This is why I don't like to put predictions in writing. It's very hard to predict events over a 10 year time period. (you don't know what you don't know)
Even if you're wrong, I think it's a fun exercise from an anthropological perspective about what people thought and predicted based on the evidence available at the time.
I also don't put my predictions in writing, but I appreciate those that do. It's easy to look at the state of the world today and say, "Of course. How could it end up any other way?"
Looking at how badly old predictions miss the mark serves as a good reminder that the bets we make today for the future are probably just as wrong.
The theory is that putting predictions out there is the best way to learn. And looking at the results from this project, I think that's the case. The specificity of the predictions and the description of the reasoning helps us understand both the world and ourselves.
So I congratulate georgespencer for making a specific, testable prediction that turned out wrong. It's very interestingly wrong! Instagram didn't end up being just a photo service. Instead, it's a social phenomenon that uses photos in a deeply different way than we had seen previously. His prediction helps us see how much has changed in the 10 years since. There are a lot of people out there doin' it for the 'gram. There are plenty of people who life for and/or live off of it.
And personally, I suspect I would have agreed with georgespencer at the time. I like photography and like sharing photos.
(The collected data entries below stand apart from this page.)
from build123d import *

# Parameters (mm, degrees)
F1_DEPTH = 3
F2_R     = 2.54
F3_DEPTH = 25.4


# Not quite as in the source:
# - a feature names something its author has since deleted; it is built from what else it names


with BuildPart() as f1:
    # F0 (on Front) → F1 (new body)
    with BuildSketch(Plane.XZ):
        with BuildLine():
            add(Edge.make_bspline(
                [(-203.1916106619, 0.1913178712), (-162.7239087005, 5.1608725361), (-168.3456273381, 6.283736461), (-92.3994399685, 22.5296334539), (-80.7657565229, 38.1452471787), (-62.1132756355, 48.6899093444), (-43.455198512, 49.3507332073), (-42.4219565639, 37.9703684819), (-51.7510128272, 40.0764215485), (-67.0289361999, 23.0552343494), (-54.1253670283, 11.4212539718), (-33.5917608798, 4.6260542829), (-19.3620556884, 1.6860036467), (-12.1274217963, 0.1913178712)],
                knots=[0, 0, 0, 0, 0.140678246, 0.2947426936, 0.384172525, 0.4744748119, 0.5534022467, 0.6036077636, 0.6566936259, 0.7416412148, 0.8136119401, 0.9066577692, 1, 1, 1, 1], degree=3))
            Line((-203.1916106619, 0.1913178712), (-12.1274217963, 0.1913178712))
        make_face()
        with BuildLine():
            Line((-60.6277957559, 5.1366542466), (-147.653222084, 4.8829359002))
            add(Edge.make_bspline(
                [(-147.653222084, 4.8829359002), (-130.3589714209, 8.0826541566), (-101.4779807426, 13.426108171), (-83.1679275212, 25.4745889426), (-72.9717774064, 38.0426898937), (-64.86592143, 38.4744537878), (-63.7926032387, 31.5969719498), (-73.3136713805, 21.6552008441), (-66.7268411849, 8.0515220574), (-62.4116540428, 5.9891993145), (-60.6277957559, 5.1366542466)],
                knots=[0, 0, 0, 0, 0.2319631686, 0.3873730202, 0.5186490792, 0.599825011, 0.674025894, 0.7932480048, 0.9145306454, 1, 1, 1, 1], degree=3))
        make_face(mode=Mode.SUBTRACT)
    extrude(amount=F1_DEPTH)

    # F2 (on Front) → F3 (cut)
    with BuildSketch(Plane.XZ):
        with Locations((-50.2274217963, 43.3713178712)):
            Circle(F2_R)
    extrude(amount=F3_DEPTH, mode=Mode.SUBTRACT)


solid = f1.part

But I really dislike Instagram; it's not for me. So this is a reminder to me that just because a thing doesn't make sense to me doesn't mean it won't be hugely popular in world-changing ways.
Getting things wrong is common and thinking the reasons for being wrong is illuminating. Learning and calibrating from previous errors is a good thing.
10 years? You're very generous. I think we should write down our predictions exactly as a personal reminder of how wrong we can be in our understanding of the world in general. Most of us tend to just brush it off, which is why we constantly have analysts on tv explaining with hindsight why someone else's predictions for the past year were off, to ironically follow with predictions of their own for the coming year. And on the circle goes.
The takeaway was that the user made an incorrect guess based off the information they had available.
Instagram has turned into one of the best acquisitions made in the last ten years, keeping the Facebook brand relevant to a younger audience than the main website.
But at the time it didn’t seem like all that special of an application given the nascent market in which it sat.
The comparison to YouTube still seems apt. It's very hard to avoid YouTube if you interact with the Internet at all, no matter your age or interests. On the other hand, I suspect most people over 30 can go weeks without ever interacting with Instagram.
I don't have an Instagram account. When someone sends me an Instagram link, my gut feeling is that I won't be able to access the contents, so I don't even bother. Instagram, much like facebook, feels to me like an alien portion of the web.
I can open most YouTube links that my location allows, regardless of being signed in or not. YouTube still feels like it's part of the web.
Yes but it sure didn't seem like it back in 2012 when Facebook acquired them. Keep in mind back then, IG was just the main feed and search IIRC. It looked like a more social alternative to Flickr.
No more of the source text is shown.